*DATASET:*
□ □ □

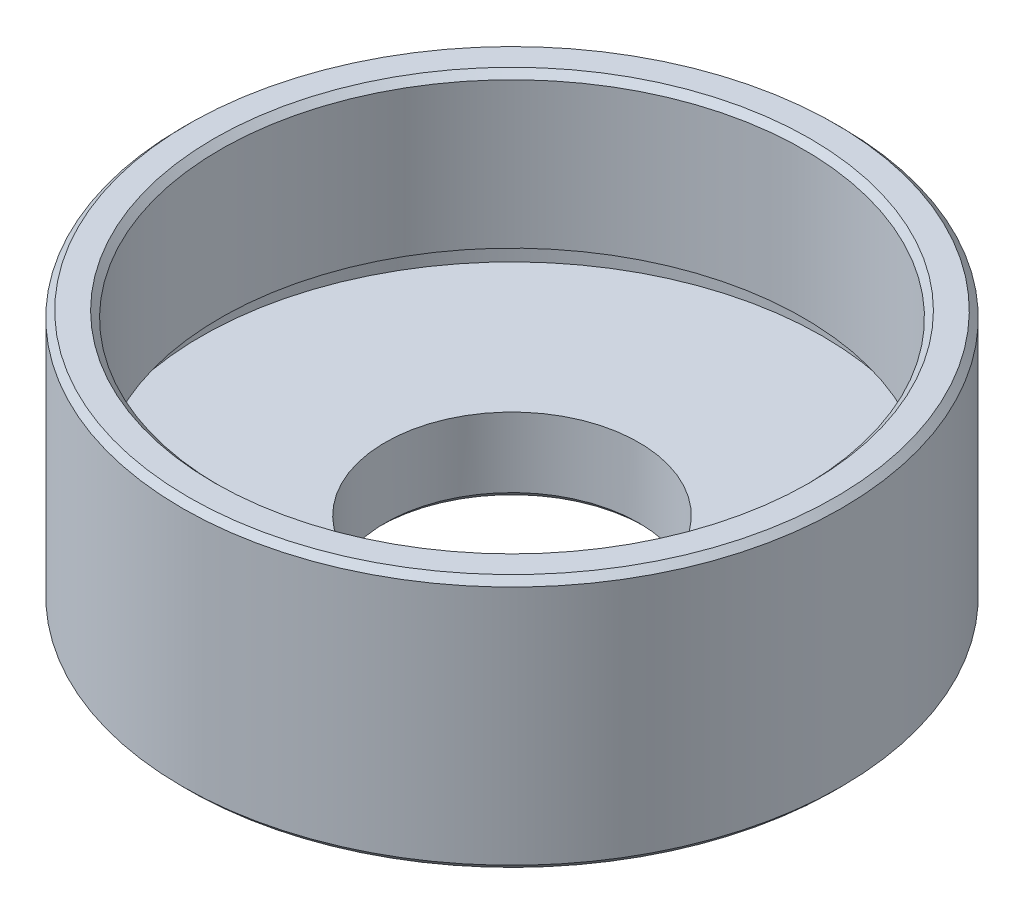
from build123d import *

# Parameters (mm, degrees)
CHAMFER_1_SIZE = 0.5


with BuildPart() as part:
    # Эскиз1 → Повернуть1 (revolve)
    with BuildSketch(Plane.XY):
        Polygon((-26, 20), (-26, 0), (-10, 0), (-10, 6), (-24.5, 6), (-24.5, 8), (-23, 8), (-23, 20), align=None)
    revolve(axis=Axis((0, 26.168985987, 0), (0, -1, 0)))

    # Фаска1
    chamfer_1_edges = [part.edges().sort_by_distance(p)[0] for p in [
        (10, 0, 0),
        (26, 0, 0),
        (26, 20, 0),
        (23, 20, 0),
    ]]
    chamfer(chamfer_1_edges, length=CHAMFER_1_SIZE)


solid = part.part

□ □ □

Reply with the number of lines in the data above that contain "revolve", and with nothing else.

*YOUR RESPONSE:* 2